Navigate to the Amazon S3 service and create a bucket:

- Bucket Name: ai4renew-model2024
- Region: Select your preferred AWS region
- Permissions: Ensure the bucket is accessible to your IAM user.

**Create an ECR Repository:**

Navigate to the Amazon ECR service and create a new repository. Note the URI:

**e.g., 136566696263.dkr.ecr.us-east-1.amazonaws.com/gendes_ecr**

**Launch an EC2 Instance:**

Select an Ubuntu Server, configure security groups for necessary access (SSH, HTTP).

**Install Docker on EC2:**

```bash
sudo apt-get update -y
sudo apt-get upgrade -y
curl -fsSL https://get.docker.com -o get-docker.sh
sudo sh get-docker.sh
sudo usermod -aG docker $USER
newgrp docker
```

3. **MongoDB Setup**

- Create a MongoDB Database
- You can use MongoDB Atlas or a local MongoDB installation.
- Set up a new database and take note of the connection string.
- Load dataset.csv to MongoDB

Configure Environment Variables:

**Before running the application, set up the necessary environment variables:**

```bash
export MONGODB_URL="mongodb+srv://:@"
export AWS_ACCESS_KEY_ID=""
export AWS_SECRET_ACCESS_KEY=""
```

4. **Running the Application**

- Ensure MongoDB and AWS services are properly configured before running the application
- To utilize the GenDes application effectively, follow these steps:

Begin by running the `demo.py` script.
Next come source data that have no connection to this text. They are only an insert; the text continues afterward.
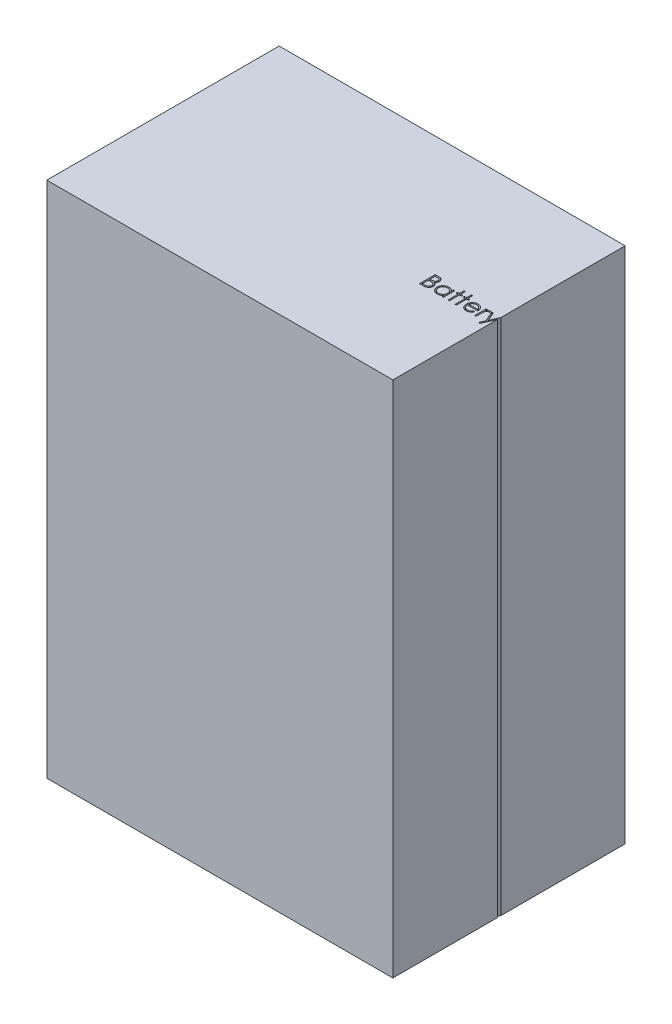
from build123d import *

# Parameters (mm, degrees)
SKETCH1_W      = 70
SKETCH1_H      = 104.788679932
EXTRUDE1_DEPTH = 23.5
EXTRUDE2_DEPTH = 113.950951487


with BuildPart() as part:
    # Sketch1 → Extrude1 (new, symmetric)
    with BuildSketch(Plane.XY):
        Rectangle(SKETCH1_W, SKETCH1_H)
    extrude(amount=EXTRUDE1_DEPTH, both=True)

    # Sketch2 → Extrude2 (cut, through all)
    # profile 1 of 7: a face of its own
    with BuildSketch(Plane(origin=(0, 52.394339966, 0), x_dir=(1, 0, 0), z_dir=(0, 1, 0))):
        with BuildLine():
            Line((20.83761968, -0.759237165), (21.45710085, -0.759237165))
            add(Edge.make_bspline(
                [(21.45710085, -0.759237165), (21.487425255, -0.759396596), (21.546201499, -0.759705612), (21.631671993, -0.764498167), (21.711726271, -0.771032924), (21.78638755, -0.781401651), (21.85562133, -0.793912763), (21.919636258, -0.809063696), (21.978228772, -0.827230696), (22.04818104, -0.856119823), (22.127937639, -0.899048697), (22.214296181, -0.962483895), (22.288141456, -1.040074058), (22.351810472, -1.12759761), (22.402430059, -1.223877917), (22.439050779, -1.326620181), (22.462235423, -1.43449919), (22.464619788, -1.508561216), (22.465824808, -1.545990971)],
                knots=[0, 0, 0, 0, 1.001505555, 1.941167018, 2.826882275, 3.653841531, 4.429895133, 5.150066043, 5.825578002, 6.45369114, 7.647487171, 8.808567382, 9.977351308, 11.170798116, 12.373658725, 13.556498008, 14.765093433, 16, 16, 16, 16], degree=3))
            add(Edge.make_bspline(
                [(22.465824808, -1.545990971), (22.464833103, -1.581054361), (22.462884308, -1.649957228), (22.444249091, -1.750735456), (22.41507477, -1.846666919), (22.374520723, -1.937401511), (22.321813912, -2.020889146), (22.25934958, -2.097803309), (22.183987052, -2.164887482), (22.127523541, -2.202391401), (22.098842636, -2.221441692)],
                knots=[0, 0, 0, 0, 1.044552857, 2.05264487, 3.044412934, 4.028983338, 5.005914585, 5.980388656, 6.974128949, 8, 8, 8, 8], degree=3))
            add(Edge.make_bspline(
                [(22.098842636, -2.221441692), (22.134911024, -2.235289227), (22.203918785, -2.261782991), (22.298883954, -2.308623733), (22.380703563, -2.359570791), (22.450006688, -2.41520754), (22.509277275, -2.475177676), (22.561032444, -2.54036053), (22.605193404, -2.611606403), (22.643032985, -2.688172467), (22.672559357, -2.769276906), (22.694671784, -2.854158967), (22.707342256, -2.942514278), (22.709145331, -3.002644587), (22.710055577, -3.033000186)],
                knots=[0, 0, 0, 0, 1.27268992, 2.434971085, 3.483601985, 4.442670788, 5.356604649, 6.2567628, 7.179492994, 8.113709626, 9.066344395, 10.018646069, 10.999752585, 12, 12, 12, 12], degree=3))
            add(Edge.make_bspline(
                [(22.710055577, -3.033000186), (22.709169438, -3.06399442), (22.707425935, -3.124976443), (22.694562675, -3.214561458), (22.672782985, -3.300173017), (22.642782731, -3.382364861), (22.603628346, -3.460977983), (22.555977978, -3.536101444), (22.499162202, -3.606980444), (22.435605171, -3.674402588), (22.363703082, -3.735024938), (22.286128076, -3.789014186), (22.2019032, -3.833415257), (22.112411748, -3.870713362), (22.016649833, -3.899204178), (21.915047468, -3.919136441), (21.80769228, -3.932566725), (21.734023434, -3.933670903), (21.696243478, -3.934237165)],
                knots=[0, 0, 0, 0, 0.978564426, 1.925352924, 2.850884081, 3.763762016, 4.682927383, 5.618979971, 6.567305752, 7.547517671, 8.540179244, 9.531824382, 10.526200242, 11.540722885, 12.589160233, 13.674978461, 14.80764778, 16, 16, 16, 16], degree=3))
            Line((21.696243478, -3.934237165), (20.83761968, -3.934237165))
            Line((20.83761968, -3.934237165), (20.83761968, -0.759237165))
        make_face()
        with BuildLine():
            Line((21.122555577, -1.08487819), (21.122555577, -2.102506396))
            Line((21.122555577, -2.102506396), (21.313996883, -2.102506396))
            add(Edge.make_bspline(
                [(21.313996883, -2.102506396), (21.341981148, -2.102143608), (21.396052449, -2.101442629), (21.474356927, -2.099434653), (21.547041765, -2.093812142), (21.613981499, -2.088191247), (21.675070716, -2.079052157), (21.730174076, -2.068173589), (21.780156375, -2.056668382), (21.83779582, -2.037101776), (21.90317628, -2.00818417), (21.972874882, -1.963306148), (22.034319722, -1.909853342), (22.086205742, -1.848175826), (22.128670433, -1.780261501), (22.158165018, -1.707193973), (22.178165054, -1.630794282), (22.179971658, -1.578344867), (22.18088891, -1.55171513)],
                knots=[0, 0, 0, 0, 1.156816544, 2.235205308, 3.236616184, 4.169592532, 5.011045266, 5.787822928, 6.49130361, 7.128639758, 8.301311294, 9.436451833, 10.541879658, 11.654887649, 12.756523258, 13.837046038, 14.901820046, 16, 16, 16, 16], degree=3))
            add(Edge.make_bspline(
                [(22.18088891, -1.55171513), (22.18041159, -1.53409318), (22.179475273, -1.499525801), (22.17180692, -1.449134601), (22.158773478, -1.401742054), (22.142032797, -1.356698682), (22.118638773, -1.315412933), (22.091094774, -1.276457319), (22.057815612, -1.241158469), (22.019935764, -1.208166138), (21.976385085, -1.178915745), (21.927189556, -1.153297339), (21.871683592, -1.132668206), (21.810802645, -1.11460141), (21.743609587, -1.101912029), (21.670879813, -1.091340742), (21.592017604, -1.085958897), (21.537457404, -1.085246461), (21.509254295, -1.08487819)],
                knots=[0, 0, 0, 0, 0.91205012, 1.789085906, 2.630437955, 3.453916878, 4.269457761, 5.079663411, 5.91843418, 6.774407191, 7.675494373, 8.627863946, 9.638891023, 10.736472738, 11.911756761, 13.175263542, 14.539845004, 16, 16, 16, 16], degree=3))
            Line((21.509254295, -1.08487819), (21.122555577, -1.08487819))
        make_face(mode=Mode.SUBTRACT)
        with BuildLine():
            Line((21.122555577, -2.428147421), (21.122555577, -3.608596139))
            Line((21.122555577, -3.608596139), (21.528334824, -3.608596139))
            add(Edge.make_bspline(
                [(21.528334824, -3.608596139), (21.557380564, -3.608248025), (21.613362398, -3.607577082), (21.694189943, -3.605386736), (21.769104616, -3.600404458), (21.837764567, -3.592561437), (21.900911192, -3.584053844), (21.957786966, -3.57261361), (22.008852934, -3.559506339), (22.068066056, -3.539246054), (22.134744239, -3.507771398), (22.206599801, -3.460314921), (22.270486442, -3.403778778), (22.324738356, -3.338345734), (22.369200138, -3.267197316), (22.401544729, -3.191772606), (22.421493578, -3.113317878), (22.423908546, -3.059826646), (22.42511968, -3.033000186)],
                knots=[0, 0, 0, 0, 1.160039823, 2.235823828, 3.228722157, 4.157150951, 4.99529583, 5.772374946, 6.472645482, 7.099169577, 8.269452708, 9.405989375, 10.527446681, 11.663510218, 12.788923519, 13.866172445, 14.929861265, 16, 16, 16, 16], degree=3))
            add(Edge.make_bspline(
                [(22.42511968, -3.033000186), (22.424869214, -3.016224084), (22.424372322, -2.98294248), (22.416878764, -2.93403313), (22.405980468, -2.886656802), (22.391891238, -2.840684852), (22.37137215, -2.796948432), (22.347417642, -2.754582539), (22.319331227, -2.713531168), (22.275566877, -2.661631481), (22.211910862, -2.601835334), (22.121462573, -2.543290599), (22.018617703, -2.496075803), (21.94402562, -2.476028421), (21.905493277, -2.465672461)],
                knots=[0, 0, 0, 0, 0.723448775, 1.435228256, 2.130040452, 2.821711965, 3.505591119, 4.210454504, 4.921174351, 5.648778258, 7.137944449, 8.670945889, 10.280296675, 12, 12, 12, 12], degree=3))
            add(Edge.make_bspline(
                [(21.905493277, -2.465672461), (21.890045455, -2.462538207), (21.856551389, -2.455742496), (21.801934512, -2.448569079), (21.73958126, -2.442178203), (21.66934765, -2.437450939), (21.591144822, -2.432564574), (21.504805761, -2.430664272), (21.410683054, -2.428397086), (21.345375687, -2.428232772), (21.311452813, -2.428147421)],
                knots=[0, 0, 0, 0, 0.634451884, 1.375622551, 2.216452059, 3.157844607, 4.20941857, 5.370758133, 6.634282058, 8, 8, 8, 8], degree=3))
            Line((21.311452813, -2.428147421), (21.122555577, -2.428147421))
        make_face(mode=Mode.SUBTRACT)
    # profile 2 of 7: a face of its own
    with BuildSketch(Plane(origin=(0, 52.394339966, 0), x_dir=(1, 0, 0), z_dir=(0, 1, 0))):
        with BuildLine():
            Line((25.640824808, -1.614044857), (25.640824808, -3.934237165))
            Line((25.640824808, -3.934237165), (25.35588891, -3.934237165))
            Line((25.35588891, -3.934237165), (25.35588891, -3.532910041))
            add(Edge.make_bspline(
                [(25.35588891, -3.532910041), (25.323759008, -3.569231673), (25.261057098, -3.640113794), (25.156335512, -3.732716908), (25.045330094, -3.809260099), (24.92857961, -3.871081809), (24.806189489, -3.917520317), (24.678431038, -3.950527761), (24.545252143, -3.971749312), (24.454308935, -3.973868417), (24.408222644, -3.974942293)],
                knots=[0, 0, 0, 0, 1.074387032, 2.096679803, 3.090159297, 4.057316773, 5.018401886, 5.985159533, 6.978961417, 8, 8, 8, 8], degree=3))
            add(Edge.make_bspline(
                [(24.408222644, -3.974942293), (24.367248858, -3.973829798), (24.286446736, -3.971635909), (24.167584645, -3.954615819), (24.053200961, -3.927283041), (23.943187599, -3.889272949), (23.838256438, -3.838853203), (23.737509065, -3.778490785), (23.641467409, -3.706608032), (23.55159537, -3.624431749), (23.468834912, -3.53517344), (23.396207901, -3.439972836), (23.335653321, -3.339241604), (23.285016534, -3.2342551), (23.246012707, -3.124205137), (23.218822339, -3.009472278), (23.201822076, -2.890192178), (23.199629094, -2.808967039), (23.198517116, -2.767780835)],
                knots=[0, 0, 0, 0, 1.033919861, 2.038935746, 3.024066025, 3.998881131, 4.97069526, 5.957263378, 6.95902576, 7.993208707, 9.027059324, 10.027763471, 11.009749337, 11.988697705, 12.965288445, 13.950418724, 14.960734635, 16, 16, 16, 16], degree=3))
            add(Edge.make_bspline(
                [(23.198517116, -2.767780835), (23.19965374, -2.727445904), (23.201900784, -2.647705921), (23.218640491, -2.530431673), (23.246790048, -2.417475822), (23.286294167, -2.309202024), (23.336950798, -2.205479264), (23.398571277, -2.106234184), (23.471160054, -2.011193374), (23.554846166, -1.922591618), (23.645501279, -1.840748632), (23.742482771, -1.769620427), (23.843378176, -1.708191571), (23.949752479, -1.659520203), (24.060031209, -1.620141944), (24.175196121, -1.592897752), (24.294768053, -1.576843753), (24.375948714, -1.57451896), (24.417126891, -1.573339729)],
                knots=[0, 0, 0, 0, 1.020392517, 2.01726096, 2.990465484, 3.961182959, 4.928053699, 5.906110375, 6.912531644, 7.948652711, 8.985773172, 9.998621852, 10.987621588, 11.969261332, 12.953316658, 13.946091881, 14.958173133, 16, 16, 16, 16], degree=3))
            add(Edge.make_bspline(
                [(24.417126891, -1.573339729), (24.464479621, -1.574643975), (24.557336088, -1.57720154), (24.693160782, -1.598485585), (24.821652558, -1.634443338), (24.943803292, -1.683354211), (25.059174343, -1.748349844), (25.166673479, -1.83033738), (25.267425739, -1.928799742), (25.32582786, -2.004428645), (25.35588891, -2.043356756)],
                knots=[0, 0, 0, 0, 1.038897134, 2.037228247, 3.008116434, 3.962042015, 4.918381754, 5.904844433, 6.921570401, 8, 8, 8, 8], degree=3))
            Line((25.35588891, -2.043356756), (25.35588891, -1.614044857))
            Line((25.35588891, -1.614044857), (25.640824808, -1.614044857))
        make_face()
        with BuildLine():
            add(Edge.make_bspline(
                [(24.420942997, -1.858275626), (24.379292133, -1.859757569), (24.297079953, -1.862682689), (24.176390037, -1.885518645), (24.060898583, -1.923513955), (23.951183216, -1.975476823), (23.848977048, -2.040817177), (23.757633503, -2.119848717), (23.676405482, -2.210415152), (23.608090128, -2.31210778), (23.552400177, -2.421126477), (23.513241512, -2.535085789), (23.487415838, -2.651930304), (23.484777394, -2.731180741), (23.483453013, -2.770960923)],
                knots=[0, 0, 0, 0, 1.031046209, 2.035121221, 3.029706178, 4.034933723, 5.034054252, 6.02443088, 7.017295772, 8.038157696, 9.050218397, 10.03989886, 11.016116709, 12, 12, 12, 12], degree=3))
            add(Edge.make_bspline(
                [(23.483453013, -2.770960923), (23.485144738, -2.810503377), (23.488521556, -2.889433293), (23.512788257, -3.006437102), (23.553500714, -3.120423269), (23.609056014, -3.230424313), (23.678621738, -3.332554175), (23.759256444, -3.424847001), (23.851739913, -3.504212556), (23.954181295, -3.570649497), (24.063589954, -3.624318356), (24.178646449, -3.661661472), (24.29718792, -3.685771315), (24.37778968, -3.688587519), (24.418398926, -3.690006396)],
                knots=[0, 0, 0, 0, 0.979072187, 1.954306742, 2.945804271, 3.96968567, 4.997920485, 5.998718438, 6.996577872, 8.005894225, 9.015743152, 10.005417472, 10.995077863, 12, 12, 12, 12], degree=3))
            add(Edge.make_bspline(
                [(24.418398926, -3.690006396), (24.459625397, -3.688500571), (24.541620757, -3.685505636), (24.662668728, -3.662571917), (24.780139159, -3.624681649), (24.892431859, -3.57215887), (24.997040063, -3.507064697), (25.090927424, -3.430858265), (25.170316909, -3.342227519), (25.237620205, -3.244821737), (25.290393619, -3.13804014), (25.328834758, -3.024344124), (25.35156223, -2.903729731), (25.354426742, -2.821303169), (25.35588891, -2.779229152)],
                knots=[0, 0, 0, 0, 1.01762866, 2.023962475, 3.030623092, 4.058876274, 5.077231937, 6.066672613, 7.034107872, 8.005628644, 8.981990164, 9.965428785, 10.961468474, 12, 12, 12, 12], degree=3))
            add(Edge.make_bspline(
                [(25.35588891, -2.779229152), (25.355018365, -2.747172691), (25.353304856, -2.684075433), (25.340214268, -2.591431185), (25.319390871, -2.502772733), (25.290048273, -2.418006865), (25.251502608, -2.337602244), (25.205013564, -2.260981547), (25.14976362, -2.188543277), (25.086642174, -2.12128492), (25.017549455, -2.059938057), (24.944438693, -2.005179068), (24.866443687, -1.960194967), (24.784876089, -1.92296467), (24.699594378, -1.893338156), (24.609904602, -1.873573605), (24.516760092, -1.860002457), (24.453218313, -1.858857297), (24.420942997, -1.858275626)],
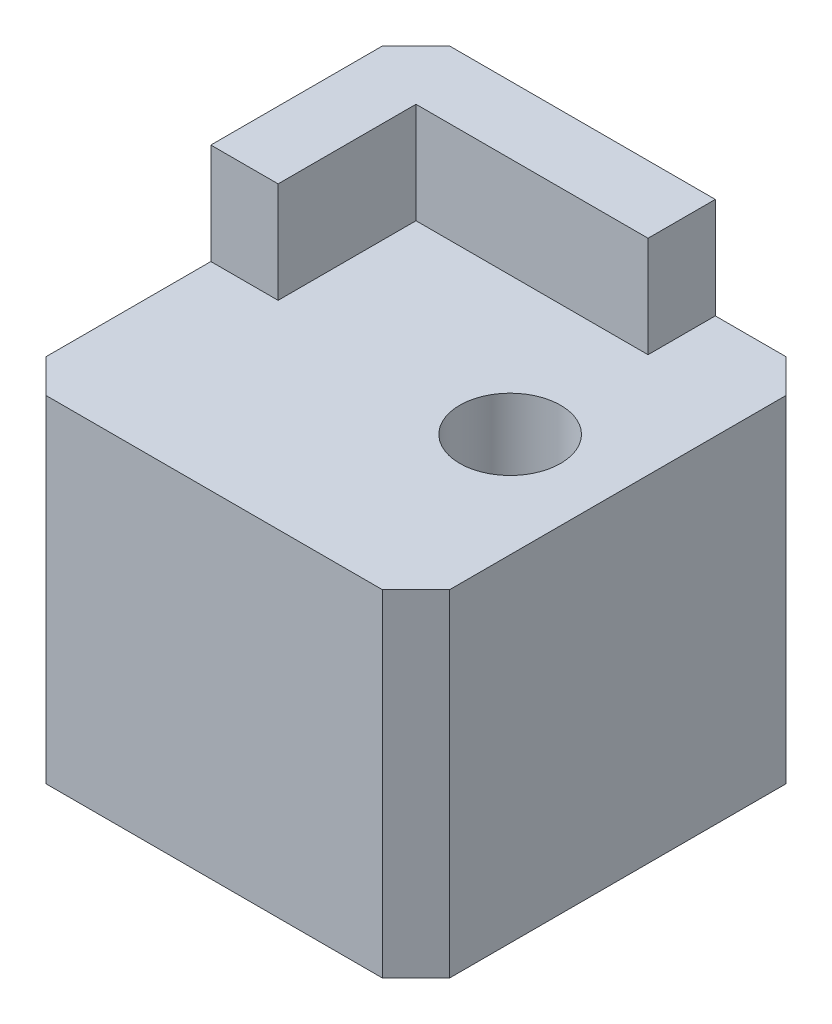
from build123d import *

# Parameters (mm, degrees)
SKETCH1_W           = 12
SKETCH1_H           = 12
BOSS_EXTRUDE1_DEPTH = 10
BOSS_EXTRUDE2_DEPTH = 3
CHAMFER1_SIZE       = 1
SKETCH1_4_R         = 1.5
CUT_EXTRUDE1_DEPTH  = 15.711220208


with BuildPart() as part:
    # Sketch1 → Boss-Extrude1 (new body)
    with BuildSketch(Plane(origin=(0, 0, 0), x_dir=(1, 0, 0), z_dir=(0, 1, 0))):
        with Locations((-2.9, 0.1)):
            Rectangle(SKETCH1_W, SKETCH1_H)
    extrude(amount=-BOSS_EXTRUDE1_DEPTH)

    # Sketch1<3> → Boss-Extrude2 (add)
    with BuildSketch(Plane(origin=(0, 0, 0), x_dir=(1, 0, 0), z_dir=(0, 1, 0))):
        Polygon((0, 6.1), (0, 4.1), (-6.9, 4.1), (-6.9, 0), (-8.9, 0), (-8.9, 6.1), align=None)
    extrude(amount=BOSS_EXTRUDE2_DEPTH)

    # Chamfer1
    chamfer1_edges = [part.edges().sort_by_distance(p)[0] for p in [
        (-8.9, -3.5, -6.1),
        (3.1, -5, -6.1),
        (3.1, -5, 5.9),
        (-8.9, -5, 5.9),
    ]]
    chamfer(chamfer1_edges, length=CHAMFER1_SIZE)

    # Sketch1<4> → Cut-Extrude1 (cut, through all)
    with BuildSketch(Plane(origin=(0, 0, 0), x_dir=(1, 0, 0), z_dir=(0, 1, 0))):
        with Locations(Location((0, 0, 0), (0, 0, 270))):
            Circle(SKETCH1_4_R)
    extrude(amount=-CUT_EXTRUDE1_DEPTH, mode=Mode.SUBTRACT)


solid = part.part
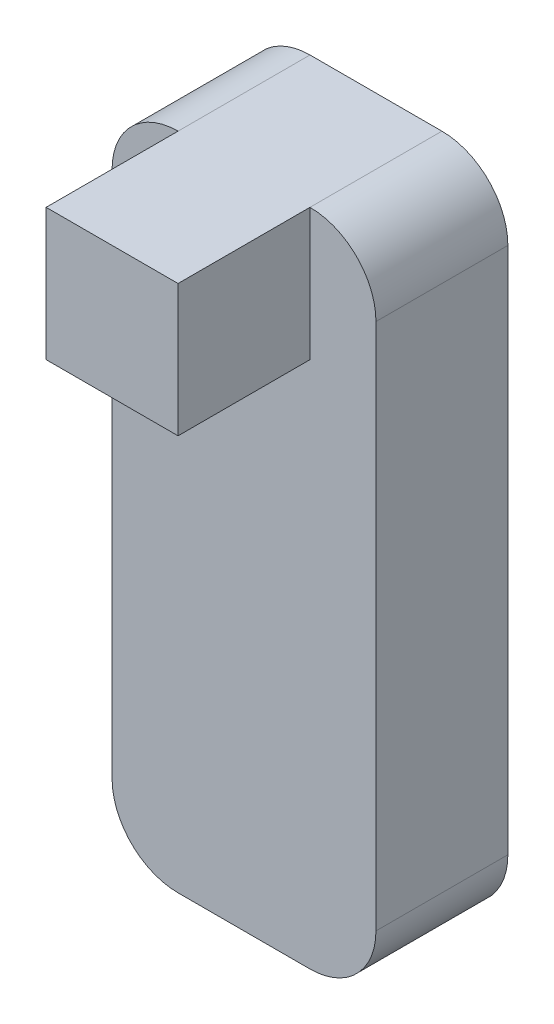
from build123d import *

# Parameters (mm, degrees)
SALIENTE_EXTRUIR1_DEPTH = 20
CORTAR_EXTRUIR1_DEPTH   = 8
CROQUIS3_W              = 20
CROQUIS3_H              = 20
SALIENTE_EXTRUIR2_DEPTH = 20


with BuildPart() as part:
    # Croquis1 → Saliente-Extruir1 (new body)
    with BuildSketch(Plane.XY):
        with BuildLine():
            Line((0, 90), (0, 10))
            Line((0, 10), (17.5, 10))
            ThreePointArc((17.5, 10), (20, 12.5), (22.5, 10))
            Line((22.5, 10), (40, 10))
            Line((40, 10), (40, 90))
            ThreePointArc((40, 90), (37.071067812, 97.071067812), (30, 100))
            Line((30, 100), (10, 100))
            ThreePointArc((10, 100), (2.928932188, 97.071067812), (0, 90))
        make_face()
        with BuildLine():
            Line((17.5, 10), (0, 10))
            ThreePointArc((0, 10), (2.928932188, 2.928932188), (10, 0))
            Line((10, 0), (30, 0))
            ThreePointArc((30, 0), (37.071067812, 2.928932188), (40, 10))
            Line((40, 10), (22.5, 10))
            ThreePointArc((22.5, 10), (22.371708245, 9.209430585), (22, 8.5))
            ThreePointArc((22, 8.5), (20, 7.5), (18, 8.5))
            ThreePointArc((18, 8.5), (17.628291755, 9.209430585), (17.5, 10))
        make_face()
        with BuildLine():
            ThreePointArc((22.5, 10), (20, 12.5), (17.5, 10))
            ThreePointArc((17.5, 10), (17.628291755, 9.209430585), (18, 8.5))
            Line((18, 8.5), (22, 8.5))
            ThreePointArc((22, 8.5), (22.371708245, 9.209430585), (22.5, 10))
        make_face()
        with BuildLine():
            Line((22, 8.5), (18, 8.5))
            ThreePointArc((18, 8.5), (20, 7.5), (22, 8.5))
        make_face()
    extrude(amount=SALIENTE_EXTRUIR1_DEPTH)

    # Croquis2 → Cortar-Extruir1 (cut)
    with BuildSketch(Plane(origin=(0, 0, 0), x_dir=(-1, 0, 0), z_dir=(0, 0, -1))):
        with BuildLine():
            Line((-22, 8.5), (-20, 8.5))
            Line((-20, 8.5), (-18, 8.5))
            ThreePointArc((-18, 8.5), (-17.628291755, 9.209430585), (-17.5, 10))
            ThreePointArc((-17.5, 10), (-20.790569415, 12.371708245), (-22, 8.5))
        make_face()
    extrude(amount=-CORTAR_EXTRUIR1_DEPTH, mode=Mode.SUBTRACT)

    # Croquis3 → Saliente-Extruir2 (add)
    with BuildSketch(Plane(origin=(0, 100, 0), x_dir=(1, 0, 0), z_dir=(0, 1, 0))):
        with Locations((20, -30)):
            Rectangle(CROQUIS3_W, CROQUIS3_H)
    extrude(amount=-SALIENTE_EXTRUIR2_DEPTH)


solid = part.part

This will train the model and automatically upload the trained model to an AWS S3 bucket for storage and future retrieval.

```bash
python demo.py
```

```bash
python app.py
```

![CI/CD](Designs/app.png)

## AWS CI/CD Deployment with GitHub Actions

**Configure EC2 as a Self-Hosted Runner**

In your GitHub repository settings under Actions > Runners, add your EC2 instance as a new self-hosted runner following the provided instructions.

**Set Up GitHub Secrets**

Add the following secrets in your GitHub repository settings under Secrets:

- AWS_ACCESS_KEY_ID: Your IAM user's access key.
- AWS_SECRET_ACCESS_KEY: Your IAM user's secret access key.
- AWS_DEFAULT_REGION: Your AWS default region (e.g., us-east-1).
- CR_REPO: The URI of your ECR repository.

**Define the CI/CD Workflow**

.github/workflows/aws_cicd.yml file to automate the deployment:

![CI/CD](Designs/CICD.png)

- Build the Docker image.
- Push the image to ECR.
- Deploy the image to the EC2 instance.